Dans la mesure où une dose toxique ne peut pas être négative, l'effet d'une dose est mathématiquement décrit comme une fonction non pas de la dose elle-même, mais du logarithme de cette dose : en tout point il est alors possible d'explorer les effets d'une dose « deux fois plus forte » ou « trois fois plus faible », sans que l'intervalle d'étude soit écrasé ou dispersé par un facteur d'échelle. D'une manière générale, la résistance à la toxicité dépend a priori d'un grand nombre de facteurs aléatoires ou indépendants, qui concourent multiplicativement à un effet global. Dans ce cas, des variations dans la résistance d'un organisme se manifestent par des variations dans le pourcentage de dose admissible, les pourcentages de variation autour de la valeur moyenne se composant multiplicativement. Et le théorème central limite signifie alors que la superposition de ces petits effets aléatoires tend à être une loi de Gauss, ce qui se traduit par une loi log-normale dans ces coordonnées logarithmiques.
On peut donc s'attendre à rencontrer une telle loi log-normale gouvernant de très nombreux phénomènes biologiques.
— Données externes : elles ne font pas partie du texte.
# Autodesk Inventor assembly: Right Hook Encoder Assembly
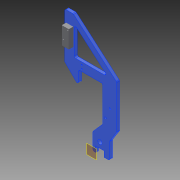
[picture p0: Inventor's stored thumbnail of the model, 180x180]
Saved by Autodesk Inventor 2013 (Build 170138000, 138)
## iProperties
Created: 2013-03-16
Part Number: Right Hook Encoder Assembly
Document SubType Name: Assembly
Designer: Arpan
Author: Arpan
## Documents named in this file (3)
- C:\Users\Arpan\Documents\GitHub\frc2013CAD\Midwest Climber\Right Hook Encoder Assembly.iam
- C:\Users\Arpan\Documents\GitHub\frc2013CAD\Midwest Climber\Limit Switch.ipt
- C:\Users\Arpan\Documents\GitHub\frc2013CAD\Midwest Climber\Bent Right Hook.ipt
## Components (2 placed, 2 different names)
1. Limit Switch:1 — Mate:1, Mate:2, Angle:1
2. Bent Right Hook:1 — Mate:1, Mate:2, Angle:1
## Relationships (3: Mate 2, Angle 1)
- Mate:1: Limit Switch:1 ↔ Bent Right Hook:1
- Mate:2: Limit Switch:1 ↔ Bent Right Hook:1
- Angle:1 (0 deg): Limit Switch:1 ↔ Bent Right Hook:1
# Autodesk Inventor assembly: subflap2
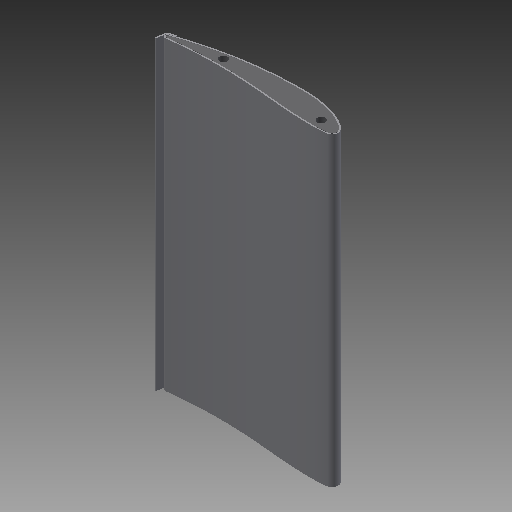
[picture p0: Inventor's stored thumbnail of the model, 512x512]
Saved by Autodesk Inventor 2018 (Build 220112000, 112)
## iProperties
Created: 2018-03-05
Part Number: subflap2
Material: 一般
Document SubType Name: Assembly
Designer: ku_sk
Author: ku_sk
## Documents named in this file (5)
- D:\Users\ku_sk\Documents\Inventor\Aero\KS-15\Fr.wing\parts\subflap\subflap.iam
- D:\Users\ku_sk\Documents\Inventor\Aero\KS-15\Fr.wing\parts\subflap\plate_sf.ipt
- D:\Users\ku_sk\Documents\Inventor\Aero\KS-15\Fr.wing\parts\subflap\uretan_sf.ipt
- D:\Users\ku_sk\Documents\Inventor\Aero\KS-15\Fr.wing\parts\subflap\GFRP_sf.ipt
- D:\Users\ku_sk\Documents\Inventor\Aero\KS-15\Fr.wing\parts\subflap\gurnee.ipt
## Components (13 placed, 4 different names)
1. plate_sf:1 — メイト:1, メイト:2, メイト:3, メイト:4, フラッシュ:2, メイト:5, メイト:14, メイト:15, メイト:16, メイト:17, フラッシュ:6
2. plate_sf:2 — フラッシュ:1, メイト:2, メイト:3, メイト:9, メイト:10, メイト:21, メイト:22
3. plate_sf:3 — フラッシュ:2, フラッシュ:3, メイト:5, メイト:6, メイト:13, メイト:14, メイト:18
4. plate_sf:4 — フラッシュ:3, フラッシュ:4, メイト:6, メイト:7, メイト:12, メイト:13, メイト:19, メイト:20, メイト:27, メイト:28
5. plate_sf:5 — フラッシュ:4, フラッシュ:5, メイト:7, メイト:8, メイト:11, メイト:12, メイト:25, メイト:26
6. plate_sf:6 — フラッシュ:5, メイト:8, メイト:9, メイト:10, メイト:11, メイト:23, メイト:24
7. uretan_sf:1 — メイト:21, メイト:22, メイト:23
8. uretan_sf:2 — メイト:24, メイト:25, メイト:26
9. uretan_sf:3 — メイト:27, メイト:28
10. uretan_sf:4 — メイト:18, メイト:19, メイト:20
11. uretan_sf:5 — メイト:15, メイト:16, メイト:17, メイト:29, メイト:30
12. GFRP_sf:1 — メイト:29, メイト:30, フラッシュ:6, メイト:31, フラッシュ:7, タッチ:1, タッチ:2
13. gurnee:1 — メイト:31, フラッシュ:7, タッチ:1, タッチ:2
## Relationships (40: Mate 31, Flush 7, Transitional 2)
- メイト:1 [Mate] (-110 mm): plate_sf:1
- フラッシュ:1 [Flush] (-115 mm): plate_sf:2
- メイト:2 [Mate]: plate_sf:1 ↔ plate_sf:2
- メイト:3 [Mate]: plate_sf:1 ↔ plate_sf:2
- メイト:4 [Mate]: plate_sf:1
- フラッシュ:2 [Flush] (-44.2 mm): plate_sf:1 ↔ plate_sf:3
- フラッシュ:3 [Flush] (-44.2 mm): plate_sf:3 ↔ plate_sf:4
- フラッシュ:4 [Flush] (-44.2 mm): plate_sf:4 ↔ plate_sf:5
- フラッシュ:5 [Flush] (-44.2 mm): plate_sf:5 ↔ plate_sf:6
- メイト:5 [Mate]: plate_sf:1 ↔ plate_sf:3
- メイト:6 [Mate]: plate_sf:3 ↔ plate_sf:4
- メイト:7 [Mate]: plate_sf:4 ↔ plate_sf:5
- メイト:8 [Mate]: plate_sf:5 ↔ plate_sf:6
- メイト:9 [Mate]: plate_sf:2 ↔ plate_sf:6
- メイト:10 [Mate]: plate_sf:2 ↔ plate_sf:6
- メイト:11 [Mate]: plate_sf:5 ↔ plate_sf:6
- メイト:12 [Mate]: plate_sf:4 ↔ plate_sf:5
- メイト:13 [Mate]: plate_sf:3 ↔ plate_sf:4
- メイト:14 [Mate]: plate_sf:1 ↔ plate_sf:3
- メイト:15 [Mate]: plate_sf:1 ↔ uretan_sf:5
- メイト:16 [Mate]: plate_sf:1 ↔ uretan_sf:5
- メイト:17 [Mate]: plate_sf:1 ↔ uretan_sf:5
- メイト:18 [Mate]: plate_sf:3 ↔ uretan_sf:4
- メイト:19 [Mate]: plate_sf:4 ↔ uretan_sf:4
- メイト:20 [Mate]: plate_sf:4 ↔ uretan_sf:4
- メイト:21 [Mate]: plate_sf:2 ↔ uretan_sf:1
- メイト:22 [Mate]: plate_sf:2 ↔ uretan_sf:1
- メイト:23 [Mate]: plate_sf:6 ↔ uretan_sf:1
- メイト:24 [Mate]: plate_sf:6 ↔ uretan_sf:2
- メイト:25 [Mate]: plate_sf:5 ↔ uretan_sf:2
- メイト:26 [Mate]: plate_sf:5 ↔ uretan_sf:2
- メイト:27 [Mate]: plate_sf:4 ↔ uretan_sf:3
- メイト:28 [Mate]: plate_sf:4 ↔ uretan_sf:3
- メイト:29 [Mate]: uretan_sf:5 ↔ GFRP_sf:1
- メイト:30 [Mate]: uretan_sf:5 ↔ GFRP_sf:1
- フラッシュ:6 [Flush]: plate_sf:1 ↔ GFRP_sf:1
- メイト:31 [Mate]: GFRP_sf:1 ↔ gurnee:1
- フラッシュ:7 [Flush]: GFRP_sf:1 ↔ gurnee:1
- タッチ:1 [Transitional]: GFRP_sf:1 ↔ gurnee:1
- タッチ:2 [Transitional]: GFRP_sf:1 ↔ gurnee:1
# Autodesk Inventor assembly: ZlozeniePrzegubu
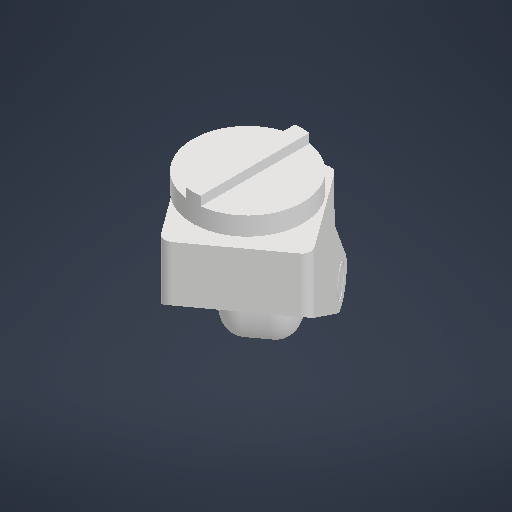
[picture p0: Inventor's stored thumbnail of the model, 512x512]
Saved by Autodesk Inventor 2026 (Build 300175000, 175)
## iProperties
Created: 2025-05-01
Part Number: ZlozeniePrzegubu
Document SubType Name: Assembly
Designer: isan
Author: isan
## Documents named in this file (6)
- E:\Conan II enhanced\ZlozeniePrzegubu.iam
- E:\Conan II enhanced\PrzegubGorny.ipt
- E:\Conan II enhanced\PrzegubDolny.ipt
- E:\Conan II enhanced\Kolek.ipt
- E:\Conan II enhanced\KolekNaKolo.ipt
- E:\Conan II enhanced\KoloPrzegubu.ipt
## Components (5 placed, 5 different names)
1. PrzegubGorny:1 — Mate:1, Mate:2
2. PrzegubDolny:1 — Mate:1, Mate:2, Mate:3, Mate:4, Mate:5, Flush:1, Mate:7
3. Kolek:1 — Mate:3, Mate:4
4. KolekNaKolo:1 — Mate:5, Flush:1, Mate:6
5. KoloPrzegubu:1 — Mate:6, Mate:7
## Relationships (8: Mate 7, Flush 1)
- Mate:1: PrzegubGorny:1 ↔ PrzegubDolny:1
- Mate:2 (0.1 mm): PrzegubGorny:1 ↔ PrzegubDolny:1
- Mate:3: PrzegubDolny:1 ↔ Kolek:1
- Mate:4: PrzegubDolny:1 ↔ Kolek:1
- Mate:5: PrzegubDolny:1 ↔ KolekNaKolo:1
- Flush:1: PrzegubDolny:1 ↔ KolekNaKolo:1
- Mate:6: KolekNaKolo:1 ↔ KoloPrzegubu:1
- Mate:7 (0.2 mm): PrzegubDolny:1 ↔ KoloPrzegubu:1
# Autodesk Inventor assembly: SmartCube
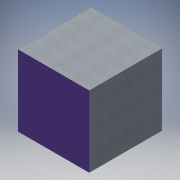
[picture p0: Inventor's stored thumbnail of the model, 180x180]
Saved by Autodesk Inventor 2018 (Build 220112000, 112)
## iProperties
Created: 2019-02-06
Part Number: SmartCube
Material: Generisch
Document SubType Name: Assembly
Designer: Lolob
Author: Lolob
## Documents named in this file (9)
- D:\Dokumente\S ch u l e\Dipl\Smartcube_Construction\Version_2\SmartCube_Quadratisch.iam
- D:\Dokumente\S ch u l e\Dipl\Smartcube_Construction\Version_2\Boden.ipt
- D:\Dokumente\S ch u l e\Dipl\Smartcube_Construction\Version_2\Wand1.ipt
- D:\Dokumente\S ch u l e\Dipl\Smartcube_Construction\Version_2\Wand1_MIR.ipt
- D:\Dokumente\S ch u l e\Dipl\Smartcube_Construction\Version_2\Wand2.ipt
- D:\Dokumente\S ch u l e\Dipl\Smartcube_Construction\Version_2\Wand2_MIR.ipt
- D:\Dokumente\S ch u l e\Dipl\Smartcube_Construction\Version_2\Baterie.ipt
- D:\Dokumente\Inventor\Projektname\PV_Modul.ipt
- D:\Dokumente\Inventor\Projektname\Sitzfläche.ipt
## Components (8 placed, 8 different names)
1. Boden:1 — Passend:1, Passend:2, Passend:3, Starr:1, Starr:2, Starr:4, Passend:7
2. Wand1:1 — Passend:1, Starr:1, Drehbar:1
3. Wand1_MIR:1 — Passend:2, Starr:4, Passend:11
4. Wand2:1 — Drehbar:1, Starr:5
5. Wand2_MIR:1 — Passend:3, Starr:2, Passend:11
6. Baterie:1 — Passend:7
7. PV_Modul:1 — Passend:9, Fluchtend:1, Passend:10
8. Sitzfläche:1 — Passend:9, Fluchtend:1, Passend:10, Starr:5
## Relationships (13: Mate 7, WeldJoint 4, RevoluteJoint 1, Flush 1)
- Passend:1 [Mate]: Boden:1 ↔ Wand1:1
- Passend:2 [Mate]: Boden:1 ↔ Wand1_MIR:1
- Passend:3 [Mate]: Boden:1 ↔ Wand2_MIR:1
- Starr:1 [WeldJoint]: Boden:1 ↔ Wand1:1
- Starr:2 [WeldJoint]: Boden:1 ↔ Wand2_MIR:1
- Starr:4 [WeldJoint]: Boden:1 ↔ Wand1_MIR:1
- Drehbar:1 [RevoluteJoint]: Wand1:1 ↔ Wand2:1
- Passend:7 [Mate]: Boden:1 ↔ Baterie:1
- Passend:9 [Mate]: PV_Modul:1 ↔ Sitzfläche:1
- Fluchtend:1 [Flush] (-10 mm): PV_Modul:1 ↔ Sitzfläche:1
- Passend:10 [Mate]: PV_Modul:1 ↔ Sitzfläche:1
- Starr:5 [WeldJoint]: Wand2:1 ↔ Sitzfläche:1
- Passend:11 [Mate]: Wand1_MIR:1 ↔ Wand2_MIR:1
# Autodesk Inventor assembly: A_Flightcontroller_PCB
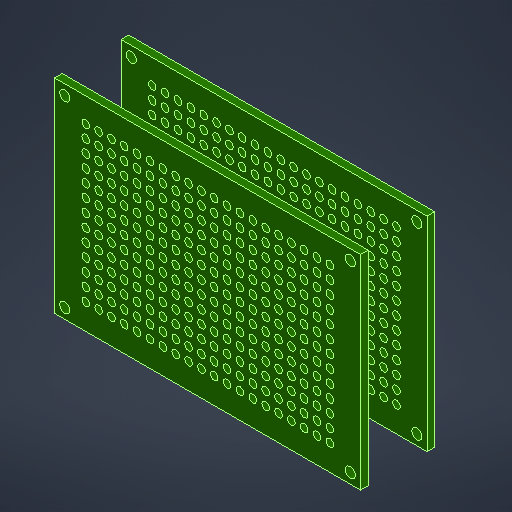
[picture p0: Inventor's stored thumbnail of the model, 512x512]
Saved by Autodesk Inventor 2026 (Build 300175000, 175)
## iProperties
Created: 2025-09-06
Part Number: A_Flightcontroller_PCB
Document SubType Name: Assembly
Designer: FAL
Author: FAL
## Documents named in this file (3)
- C:\Users\FAL\Projekte\Git\AEROLAB\01_AIRCRAFTS\AIR-BERT\CAD\A_Flightcontroller_PCB.iam
- C:\Users\FAL\Projekte\Git\AEROLAB\01_AIRCRAFTS\AIR-BERT\CAD\P_PCB_40x60.ipt
- C:\Users\FAL\Projekte\Git\AEROLAB\01_AIRCRAFTS\AIR-BERT\CAD\extern\XIAO-ESP32S3 v2.iam
## Components (3 placed, 2 different names)
1. P_PCB_40x60:1 — Fluchtend:1, Fluchtend:2, Passend:1, Fluchtend:5, Fluchtend:6, Fluchtend:7
2. XIAO-ESP32S3 v2:1 [sub-assembly] — Passend:1
3. P_PCB_40x60:2 — Fluchtend:3, Fluchtend:4
## Relationships (8: Flush 7, Mate 1)
- Fluchtend:1 [Flush]: P_PCB_40x60:1
- Fluchtend:2 [Flush]: P_PCB_40x60:1
- Passend:1 [Mate]: P_PCB_40x60:1 ↔ XIAO-ESP32S3 v2:1
- Fluchtend:3 [Flush]: P_PCB_40x60:2
- Fluchtend:4 [Flush]: P_PCB_40x60:2
- Fluchtend:5 [Flush]: P_PCB_40x60:1
- Fluchtend:6 [Flush]: P_PCB_40x60:1
- Fluchtend:7 [Flush]: P_PCB_40x60:1
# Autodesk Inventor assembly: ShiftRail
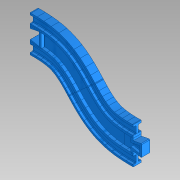
[picture p0: Inventor's stored thumbnail of the model, 180x180]
Saved by Autodesk Inventor 2021 (Build 250183000, 183)
## iProperties
Created: 2021-06-08
Part Number: ShiftRail
Document SubType Name: Assembly
Designer: kumagai
Author: kumagai
## Documents named in this file (4)
- X:\Develop\CAD\PlaRails\ShiftRail\ShiftRail.iam
- X:\Develop\CAD\PlaRails\ShiftRail\RailJointDSFemale.ipt
- X:\Develop\CAD\PlaRails\ShiftRail\RailJointDSMale.ipt
- X:\Develop\CAD\PlaRails\ShiftRail\ShiftRail_TC.ipt
## Components (4 placed, 3 different names)
1. ShiftRail_TC:1 — フラッシュ:2, フラッシュ:3, メイト:3
2. ShiftRail_TC:2 — フラッシュ:4, フラッシュ:5, メイト:4
3. RailJointDSFemale:1 — フラッシュ:4, フラッシュ:5, メイト:4
4. RailJointDSMale:1 — フラッシュ:2, フラッシュ:3, メイト:3
## Relationships (9: Flush 5, Mate 4)
- [Flush]: ShiftRail_TC:1 ↔ ShiftRail_TC:2
- [Mate]: ShiftRail_TC:1 ↔ ShiftRail_TC:2
- [Mate]: ShiftRail_TC:1 ↔ ShiftRail_TC:2
- フラッシュ:2 [Flush]: ShiftRail_TC:1 ↔ RailJointDSMale:1
- フラッシュ:3 [Flush]: ShiftRail_TC:1 ↔ RailJointDSMale:1
- メイト:3 [Mate]: ShiftRail_TC:1 ↔ RailJointDSMale:1
- フラッシュ:4 [Flush]: ShiftRail_TC:2 ↔ RailJointDSFemale:1
- フラッシュ:5 [Flush]: ShiftRail_TC:2 ↔ RailJointDSFemale:1
- メイト:4 [Mate]: ShiftRail_TC:2 ↔ RailJointDSFemale:1

Dans ce cas, la courbe expérimentale de la fonction de répartition (le pourcentage de sujets présentant l'effet en fonction de la dose) tend à suivre une fonction de répartition régulière, qui apparaît comme une droite dans un diagramme de Weibull. Pour l'expérimentateur, le fait que ses points expérimentaux s'alignent dans un tel diagramme signifie que pour l'intervalle de dose étudié, la réponse des organismes est homogène ; et cette réponse peut être décrite de manière simple par la « droite expérimentale ».
Le fait que le résultat de l'expérience puisse être bien décrit par une droite est important. Sur le plan pratique, il signifie que l'expérimentateur peut prédire avec une approximation suffisante le résultat attendu pour une dose interpolée ou extrapolée par rapport à ses données d'expérience. D'autre part, à partir du moment où l'on suppose que la loi est réellement log-normale, la droite constituant la meilleure approximation permet dans une grande mesure de lisser les résultats expérimentaux. Mais sur le plan théorique, surtout, le fait d'avoir trouvé une droite signifie que la loi log-normale capture effectivement l'essence du phénomène, c'est-à-dire qu'un grand nombre de facteurs individuels aléatoires et indépendants font varier chacun d'un certain pourcentage la dose maximale admissible ; ce fonctionnement métabolique complexe étant de nature homogène dans l'intervalle où les points sont alignés. En dehors de cet intervalle, si le mécanisme prédominant n'est plus le même, l'alignement ne sera plus respecté : il y aura une rupture de pente, ou la distribution peut cesser complètement d'être log-normale. Dès que la droite n'est plus droite, le phénomène n'est plus le même — par exemple, une dose trop forte peut faire vomir le sujet et conduire à une mortalité moindre qu'une dose correctement ajustée.
Dans l'intervalle où la droite expérimentale est une approximation satisfaisante, il est possible de caractériser cette droite par deux paramètres : sa pente, et son point sur une origine conventionnelle. S'agissant de l'origine, c'est pour des raisons de représentativité statistique qu'on utilise la valeur 50 %, plutôt que 0 %, 5 %, 95 %, ou 100 %. En effet, la courbe de Gauss est « plate » vers 50 %, ce qui fait qu'un échantillon est plus représentatif lorsqu'un seuil est franchi à 50 %, parce que c'est autour de cette valeur que l'incertitude sur les pourcentages observés est la plus faible, donc que la valeur mesurée est la plus fiable.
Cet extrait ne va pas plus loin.